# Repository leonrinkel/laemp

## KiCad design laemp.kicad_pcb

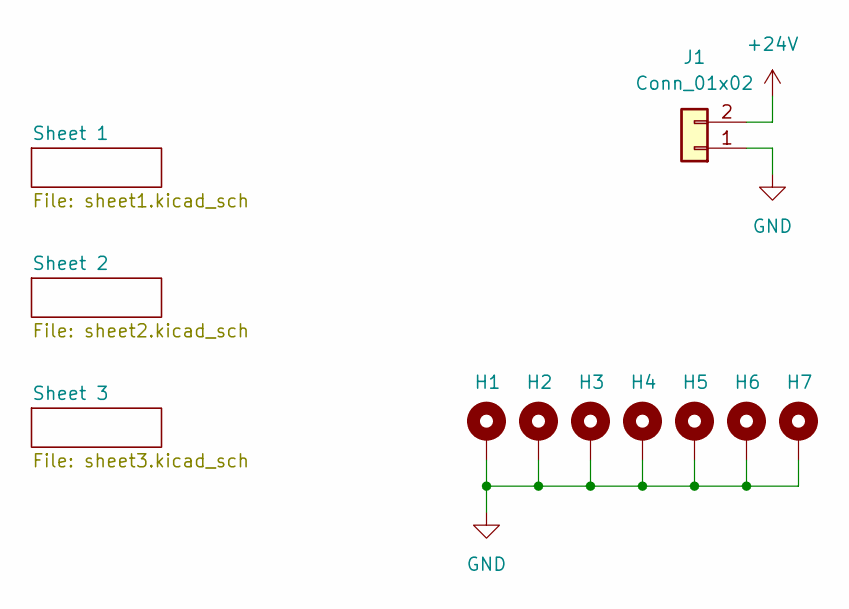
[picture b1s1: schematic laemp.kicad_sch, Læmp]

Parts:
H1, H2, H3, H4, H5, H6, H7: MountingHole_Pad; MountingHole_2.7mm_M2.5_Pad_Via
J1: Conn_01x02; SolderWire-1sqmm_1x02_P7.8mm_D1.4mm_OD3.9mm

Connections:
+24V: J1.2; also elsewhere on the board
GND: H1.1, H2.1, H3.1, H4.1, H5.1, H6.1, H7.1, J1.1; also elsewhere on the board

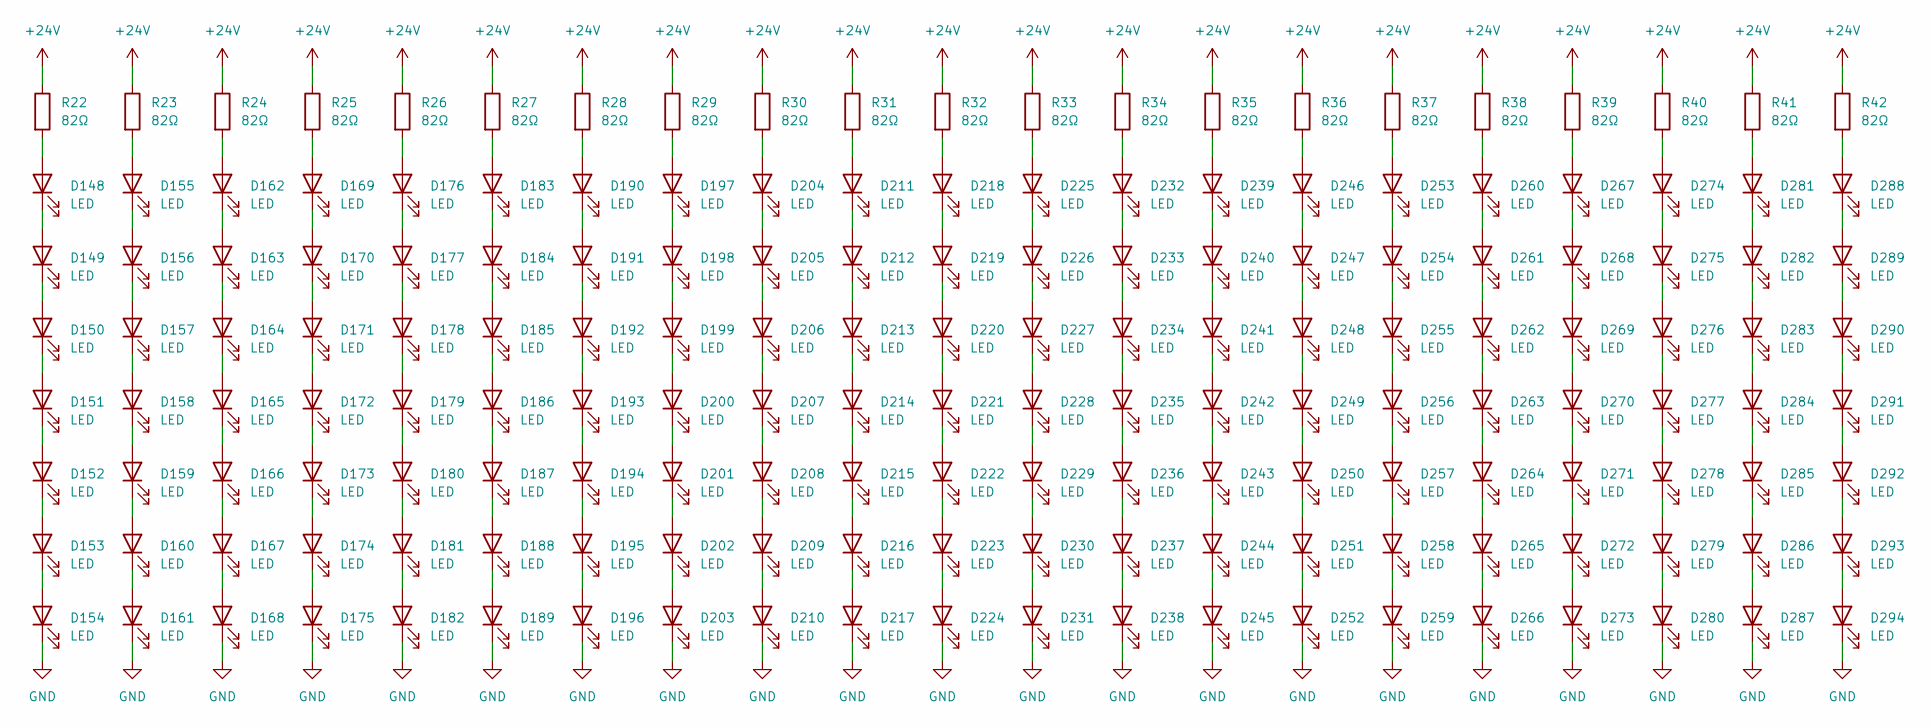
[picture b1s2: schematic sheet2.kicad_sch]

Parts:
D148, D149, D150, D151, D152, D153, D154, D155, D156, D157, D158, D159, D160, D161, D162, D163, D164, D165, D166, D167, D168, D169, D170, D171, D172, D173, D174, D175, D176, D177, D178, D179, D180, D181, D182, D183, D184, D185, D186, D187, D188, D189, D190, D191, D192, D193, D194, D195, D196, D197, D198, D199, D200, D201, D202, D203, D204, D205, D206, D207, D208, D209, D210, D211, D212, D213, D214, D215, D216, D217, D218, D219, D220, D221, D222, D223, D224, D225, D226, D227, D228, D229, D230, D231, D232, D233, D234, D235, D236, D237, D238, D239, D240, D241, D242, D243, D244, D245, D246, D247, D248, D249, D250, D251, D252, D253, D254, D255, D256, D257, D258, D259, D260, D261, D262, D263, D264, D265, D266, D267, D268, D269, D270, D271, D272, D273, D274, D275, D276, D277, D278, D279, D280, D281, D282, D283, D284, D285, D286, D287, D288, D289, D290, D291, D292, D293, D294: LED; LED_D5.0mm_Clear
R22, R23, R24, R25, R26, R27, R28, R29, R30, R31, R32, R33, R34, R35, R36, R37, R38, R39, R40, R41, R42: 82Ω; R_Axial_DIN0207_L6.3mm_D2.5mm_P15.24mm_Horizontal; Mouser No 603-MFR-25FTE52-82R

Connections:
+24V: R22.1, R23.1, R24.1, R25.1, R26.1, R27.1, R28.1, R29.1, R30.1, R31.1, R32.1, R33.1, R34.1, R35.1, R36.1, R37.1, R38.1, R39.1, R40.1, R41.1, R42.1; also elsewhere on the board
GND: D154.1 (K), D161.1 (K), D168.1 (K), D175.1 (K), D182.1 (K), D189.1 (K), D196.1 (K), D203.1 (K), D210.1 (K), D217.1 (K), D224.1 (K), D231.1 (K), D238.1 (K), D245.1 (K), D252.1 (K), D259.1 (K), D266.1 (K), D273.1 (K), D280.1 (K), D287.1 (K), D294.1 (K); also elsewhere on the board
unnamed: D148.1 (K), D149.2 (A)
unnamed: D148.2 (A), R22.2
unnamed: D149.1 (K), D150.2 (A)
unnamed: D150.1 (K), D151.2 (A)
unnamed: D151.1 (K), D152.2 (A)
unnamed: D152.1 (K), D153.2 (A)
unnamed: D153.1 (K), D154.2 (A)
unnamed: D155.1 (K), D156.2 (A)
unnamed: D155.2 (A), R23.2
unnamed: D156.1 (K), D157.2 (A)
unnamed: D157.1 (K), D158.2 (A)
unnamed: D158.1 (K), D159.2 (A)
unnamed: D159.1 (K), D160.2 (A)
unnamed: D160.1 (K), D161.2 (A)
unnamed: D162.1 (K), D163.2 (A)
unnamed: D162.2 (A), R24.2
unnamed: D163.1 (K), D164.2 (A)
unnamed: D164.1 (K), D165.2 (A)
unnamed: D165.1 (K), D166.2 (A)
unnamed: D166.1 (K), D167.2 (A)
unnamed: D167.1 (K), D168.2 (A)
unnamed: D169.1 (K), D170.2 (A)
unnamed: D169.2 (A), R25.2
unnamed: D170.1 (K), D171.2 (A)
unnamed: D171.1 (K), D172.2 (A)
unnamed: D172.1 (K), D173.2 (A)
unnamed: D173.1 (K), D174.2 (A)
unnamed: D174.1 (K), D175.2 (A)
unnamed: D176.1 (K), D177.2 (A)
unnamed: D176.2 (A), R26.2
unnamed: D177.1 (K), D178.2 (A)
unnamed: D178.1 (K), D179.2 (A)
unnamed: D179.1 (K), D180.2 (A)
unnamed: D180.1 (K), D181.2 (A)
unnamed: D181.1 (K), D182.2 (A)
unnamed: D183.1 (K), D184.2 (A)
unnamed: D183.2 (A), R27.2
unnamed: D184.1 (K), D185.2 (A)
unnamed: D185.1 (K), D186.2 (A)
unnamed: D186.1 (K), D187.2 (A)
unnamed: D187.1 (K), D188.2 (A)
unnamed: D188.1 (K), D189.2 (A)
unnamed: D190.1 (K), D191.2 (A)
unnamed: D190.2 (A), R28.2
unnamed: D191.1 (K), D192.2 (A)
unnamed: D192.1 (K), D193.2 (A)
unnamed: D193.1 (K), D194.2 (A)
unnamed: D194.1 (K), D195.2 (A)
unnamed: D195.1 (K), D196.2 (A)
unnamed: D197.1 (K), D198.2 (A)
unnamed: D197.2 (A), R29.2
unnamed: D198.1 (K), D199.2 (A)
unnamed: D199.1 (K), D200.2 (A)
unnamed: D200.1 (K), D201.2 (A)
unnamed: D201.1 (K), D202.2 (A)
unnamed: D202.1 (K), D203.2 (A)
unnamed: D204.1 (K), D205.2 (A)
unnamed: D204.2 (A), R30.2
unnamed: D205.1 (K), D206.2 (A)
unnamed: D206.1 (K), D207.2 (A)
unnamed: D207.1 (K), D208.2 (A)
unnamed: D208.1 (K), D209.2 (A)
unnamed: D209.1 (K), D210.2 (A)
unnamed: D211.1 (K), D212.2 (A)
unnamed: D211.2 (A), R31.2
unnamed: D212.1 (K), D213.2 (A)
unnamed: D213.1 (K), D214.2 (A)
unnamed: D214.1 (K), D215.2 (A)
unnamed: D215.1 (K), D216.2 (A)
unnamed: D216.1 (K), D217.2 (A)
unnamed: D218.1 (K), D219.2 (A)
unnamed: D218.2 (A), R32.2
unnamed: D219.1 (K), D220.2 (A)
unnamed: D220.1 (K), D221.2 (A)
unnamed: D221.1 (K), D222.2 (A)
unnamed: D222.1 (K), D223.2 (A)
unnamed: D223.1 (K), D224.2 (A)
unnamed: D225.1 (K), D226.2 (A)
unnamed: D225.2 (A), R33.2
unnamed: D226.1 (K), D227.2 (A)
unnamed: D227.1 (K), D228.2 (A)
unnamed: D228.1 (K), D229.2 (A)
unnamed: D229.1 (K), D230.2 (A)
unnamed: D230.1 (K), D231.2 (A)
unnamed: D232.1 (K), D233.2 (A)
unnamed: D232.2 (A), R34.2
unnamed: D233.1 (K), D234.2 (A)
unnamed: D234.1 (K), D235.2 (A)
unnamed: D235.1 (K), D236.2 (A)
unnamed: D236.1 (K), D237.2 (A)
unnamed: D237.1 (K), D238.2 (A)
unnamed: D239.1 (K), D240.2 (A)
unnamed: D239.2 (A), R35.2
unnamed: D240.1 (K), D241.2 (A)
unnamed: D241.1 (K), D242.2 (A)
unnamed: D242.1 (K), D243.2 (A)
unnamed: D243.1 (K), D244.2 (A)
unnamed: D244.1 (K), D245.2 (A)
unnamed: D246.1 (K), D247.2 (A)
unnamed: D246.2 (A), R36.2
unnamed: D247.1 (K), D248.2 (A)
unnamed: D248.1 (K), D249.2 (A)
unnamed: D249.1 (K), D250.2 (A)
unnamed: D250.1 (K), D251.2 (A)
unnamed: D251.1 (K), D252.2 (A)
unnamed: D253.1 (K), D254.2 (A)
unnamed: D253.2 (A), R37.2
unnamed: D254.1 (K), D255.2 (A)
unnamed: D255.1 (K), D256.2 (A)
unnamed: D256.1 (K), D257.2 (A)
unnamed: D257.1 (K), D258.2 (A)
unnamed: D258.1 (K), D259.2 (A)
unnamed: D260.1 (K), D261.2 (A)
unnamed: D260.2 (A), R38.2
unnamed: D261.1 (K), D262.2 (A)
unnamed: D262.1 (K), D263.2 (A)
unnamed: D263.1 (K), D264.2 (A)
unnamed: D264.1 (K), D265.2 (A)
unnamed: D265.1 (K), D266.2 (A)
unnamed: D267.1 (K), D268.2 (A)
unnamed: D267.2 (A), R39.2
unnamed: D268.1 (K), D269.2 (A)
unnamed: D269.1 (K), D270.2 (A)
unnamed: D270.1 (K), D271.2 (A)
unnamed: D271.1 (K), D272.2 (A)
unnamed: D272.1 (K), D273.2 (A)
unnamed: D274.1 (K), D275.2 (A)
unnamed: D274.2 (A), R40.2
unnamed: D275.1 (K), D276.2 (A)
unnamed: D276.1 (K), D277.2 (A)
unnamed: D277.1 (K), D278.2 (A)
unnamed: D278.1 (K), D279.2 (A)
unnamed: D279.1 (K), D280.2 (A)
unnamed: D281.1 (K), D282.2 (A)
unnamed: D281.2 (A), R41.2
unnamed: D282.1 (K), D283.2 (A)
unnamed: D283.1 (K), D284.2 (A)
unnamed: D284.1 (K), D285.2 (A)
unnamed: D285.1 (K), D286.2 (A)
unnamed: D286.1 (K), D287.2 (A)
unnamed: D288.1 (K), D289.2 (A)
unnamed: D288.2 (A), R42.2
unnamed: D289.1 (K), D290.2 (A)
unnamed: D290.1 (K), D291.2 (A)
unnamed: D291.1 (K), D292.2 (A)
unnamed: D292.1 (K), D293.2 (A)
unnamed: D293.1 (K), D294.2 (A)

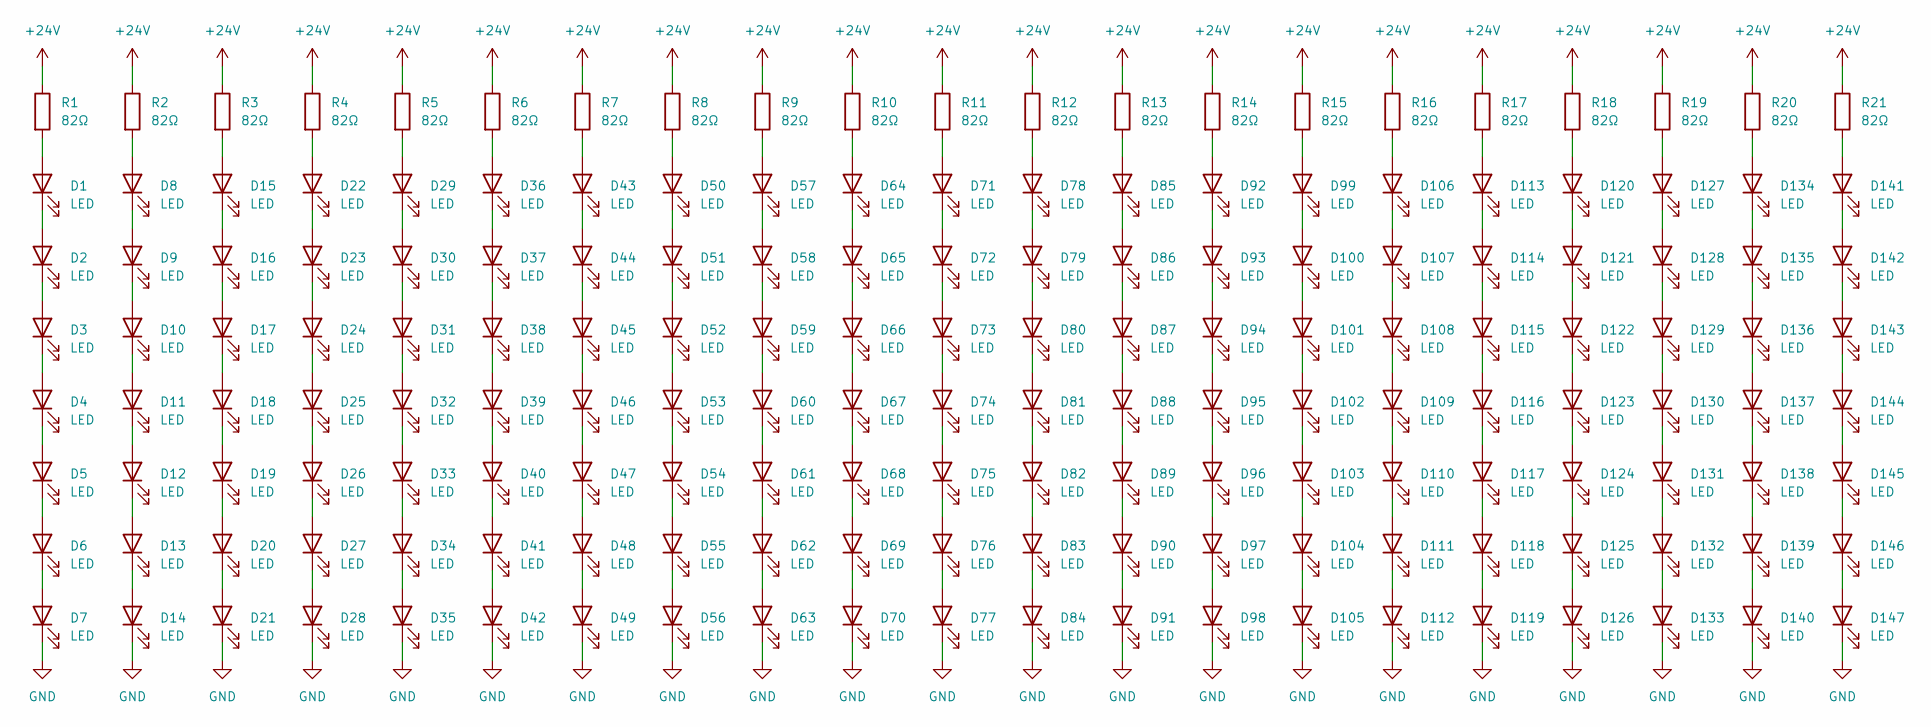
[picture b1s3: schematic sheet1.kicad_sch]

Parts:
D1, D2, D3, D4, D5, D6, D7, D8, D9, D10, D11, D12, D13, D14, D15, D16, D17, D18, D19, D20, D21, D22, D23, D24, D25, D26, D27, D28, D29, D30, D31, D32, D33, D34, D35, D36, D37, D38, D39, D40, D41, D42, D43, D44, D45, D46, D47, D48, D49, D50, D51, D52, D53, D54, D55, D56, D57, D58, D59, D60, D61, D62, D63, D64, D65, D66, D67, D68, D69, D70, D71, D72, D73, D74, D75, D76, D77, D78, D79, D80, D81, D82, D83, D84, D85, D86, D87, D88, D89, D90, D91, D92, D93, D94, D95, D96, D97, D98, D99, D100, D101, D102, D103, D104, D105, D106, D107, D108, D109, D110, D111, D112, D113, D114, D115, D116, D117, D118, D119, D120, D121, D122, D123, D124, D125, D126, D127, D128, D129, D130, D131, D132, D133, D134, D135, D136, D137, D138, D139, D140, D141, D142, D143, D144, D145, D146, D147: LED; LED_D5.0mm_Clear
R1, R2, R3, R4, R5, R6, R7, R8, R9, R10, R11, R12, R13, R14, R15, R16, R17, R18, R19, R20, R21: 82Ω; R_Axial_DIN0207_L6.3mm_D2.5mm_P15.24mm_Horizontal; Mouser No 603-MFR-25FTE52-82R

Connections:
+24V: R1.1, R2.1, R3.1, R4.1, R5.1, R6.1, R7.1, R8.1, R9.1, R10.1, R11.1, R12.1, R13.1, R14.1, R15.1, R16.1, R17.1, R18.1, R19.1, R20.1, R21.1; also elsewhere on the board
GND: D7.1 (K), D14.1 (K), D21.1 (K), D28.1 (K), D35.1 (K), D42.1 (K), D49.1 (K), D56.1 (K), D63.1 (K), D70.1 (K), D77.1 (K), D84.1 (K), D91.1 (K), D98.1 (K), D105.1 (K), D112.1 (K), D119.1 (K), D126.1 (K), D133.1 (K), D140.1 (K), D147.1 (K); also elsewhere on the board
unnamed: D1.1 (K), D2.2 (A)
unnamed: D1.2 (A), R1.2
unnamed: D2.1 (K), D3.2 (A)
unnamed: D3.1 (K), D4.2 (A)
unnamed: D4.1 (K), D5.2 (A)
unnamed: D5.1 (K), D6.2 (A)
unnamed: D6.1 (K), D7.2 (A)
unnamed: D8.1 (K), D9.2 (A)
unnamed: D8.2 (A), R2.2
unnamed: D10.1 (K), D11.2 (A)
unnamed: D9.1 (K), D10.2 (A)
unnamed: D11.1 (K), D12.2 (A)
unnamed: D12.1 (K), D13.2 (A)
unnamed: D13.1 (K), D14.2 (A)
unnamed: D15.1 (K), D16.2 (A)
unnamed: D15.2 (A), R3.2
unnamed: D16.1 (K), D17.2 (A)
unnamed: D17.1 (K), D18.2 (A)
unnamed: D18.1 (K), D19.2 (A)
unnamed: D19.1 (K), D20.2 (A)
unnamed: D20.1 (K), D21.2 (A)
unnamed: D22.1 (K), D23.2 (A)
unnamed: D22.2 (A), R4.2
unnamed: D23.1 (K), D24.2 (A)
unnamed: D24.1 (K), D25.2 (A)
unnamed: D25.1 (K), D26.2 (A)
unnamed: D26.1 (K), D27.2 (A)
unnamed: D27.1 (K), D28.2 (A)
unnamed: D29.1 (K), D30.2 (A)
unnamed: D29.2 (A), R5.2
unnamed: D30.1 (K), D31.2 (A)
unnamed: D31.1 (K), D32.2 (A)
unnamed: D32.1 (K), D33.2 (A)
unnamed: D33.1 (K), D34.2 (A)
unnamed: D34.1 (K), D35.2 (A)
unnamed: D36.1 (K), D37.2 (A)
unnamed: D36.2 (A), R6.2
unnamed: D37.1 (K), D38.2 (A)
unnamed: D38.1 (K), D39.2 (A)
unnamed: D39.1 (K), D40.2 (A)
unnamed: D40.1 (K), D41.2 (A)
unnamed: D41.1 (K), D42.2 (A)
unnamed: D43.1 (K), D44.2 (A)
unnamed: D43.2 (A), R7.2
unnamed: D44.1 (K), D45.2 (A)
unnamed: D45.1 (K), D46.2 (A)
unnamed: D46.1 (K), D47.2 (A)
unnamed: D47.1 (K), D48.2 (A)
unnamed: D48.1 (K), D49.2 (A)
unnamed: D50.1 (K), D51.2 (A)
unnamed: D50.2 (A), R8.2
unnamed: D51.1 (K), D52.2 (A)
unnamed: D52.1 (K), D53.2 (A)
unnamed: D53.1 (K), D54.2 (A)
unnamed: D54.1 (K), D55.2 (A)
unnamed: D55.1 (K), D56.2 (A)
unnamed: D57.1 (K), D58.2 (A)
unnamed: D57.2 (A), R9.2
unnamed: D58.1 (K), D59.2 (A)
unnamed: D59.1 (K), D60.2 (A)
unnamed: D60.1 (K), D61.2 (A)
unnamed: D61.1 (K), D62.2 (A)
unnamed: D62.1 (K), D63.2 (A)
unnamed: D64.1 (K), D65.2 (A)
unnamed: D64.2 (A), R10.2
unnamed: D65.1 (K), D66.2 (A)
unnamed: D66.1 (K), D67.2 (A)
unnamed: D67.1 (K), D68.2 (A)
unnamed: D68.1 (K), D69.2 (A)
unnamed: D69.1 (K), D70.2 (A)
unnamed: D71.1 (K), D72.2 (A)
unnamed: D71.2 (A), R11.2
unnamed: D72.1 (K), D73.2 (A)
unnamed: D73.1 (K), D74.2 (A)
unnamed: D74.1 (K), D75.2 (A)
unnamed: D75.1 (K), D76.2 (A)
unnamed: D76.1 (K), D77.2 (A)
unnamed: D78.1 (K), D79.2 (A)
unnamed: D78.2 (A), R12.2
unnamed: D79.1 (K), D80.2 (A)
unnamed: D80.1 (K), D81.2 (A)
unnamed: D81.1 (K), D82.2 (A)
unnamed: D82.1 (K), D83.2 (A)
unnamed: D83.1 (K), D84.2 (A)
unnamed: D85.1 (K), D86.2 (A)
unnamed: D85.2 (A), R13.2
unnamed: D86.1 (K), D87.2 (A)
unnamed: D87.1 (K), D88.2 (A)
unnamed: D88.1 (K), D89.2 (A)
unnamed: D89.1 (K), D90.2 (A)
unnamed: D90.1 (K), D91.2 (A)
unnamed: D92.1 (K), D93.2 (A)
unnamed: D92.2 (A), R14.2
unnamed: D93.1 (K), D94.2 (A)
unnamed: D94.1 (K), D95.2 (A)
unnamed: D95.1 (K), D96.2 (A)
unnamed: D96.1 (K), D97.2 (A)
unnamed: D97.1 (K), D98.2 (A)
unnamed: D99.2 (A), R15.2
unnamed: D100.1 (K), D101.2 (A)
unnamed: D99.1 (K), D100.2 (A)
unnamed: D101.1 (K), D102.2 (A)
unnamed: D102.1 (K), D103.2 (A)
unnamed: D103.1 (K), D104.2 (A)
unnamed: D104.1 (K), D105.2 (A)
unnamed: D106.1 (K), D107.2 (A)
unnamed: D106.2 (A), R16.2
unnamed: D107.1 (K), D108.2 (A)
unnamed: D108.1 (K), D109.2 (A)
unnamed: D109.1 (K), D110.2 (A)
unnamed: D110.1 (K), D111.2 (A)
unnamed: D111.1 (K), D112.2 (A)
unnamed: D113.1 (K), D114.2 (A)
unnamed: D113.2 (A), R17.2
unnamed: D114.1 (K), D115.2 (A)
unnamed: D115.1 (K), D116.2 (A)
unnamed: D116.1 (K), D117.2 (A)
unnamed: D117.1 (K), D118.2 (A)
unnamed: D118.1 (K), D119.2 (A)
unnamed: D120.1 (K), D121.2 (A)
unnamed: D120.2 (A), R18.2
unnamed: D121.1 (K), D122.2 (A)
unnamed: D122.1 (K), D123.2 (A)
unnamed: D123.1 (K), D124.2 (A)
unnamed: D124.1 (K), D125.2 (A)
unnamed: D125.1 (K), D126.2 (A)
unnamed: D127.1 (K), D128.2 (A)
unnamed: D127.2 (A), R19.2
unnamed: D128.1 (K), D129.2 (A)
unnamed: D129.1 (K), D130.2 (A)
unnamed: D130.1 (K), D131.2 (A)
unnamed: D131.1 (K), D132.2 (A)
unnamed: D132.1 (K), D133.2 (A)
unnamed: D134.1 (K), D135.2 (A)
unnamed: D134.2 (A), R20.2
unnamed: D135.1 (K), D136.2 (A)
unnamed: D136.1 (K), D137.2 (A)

## Instructions for the task
Please return a copy of each line in the entries that has the string "picture".

## Result of this exercise
[picture b1s1: schematic laemp.kicad_sch, Læmp]
[picture b1s2: schematic sheet2.kicad_sch]
[picture b1s3: schematic sheet1.kicad_sch]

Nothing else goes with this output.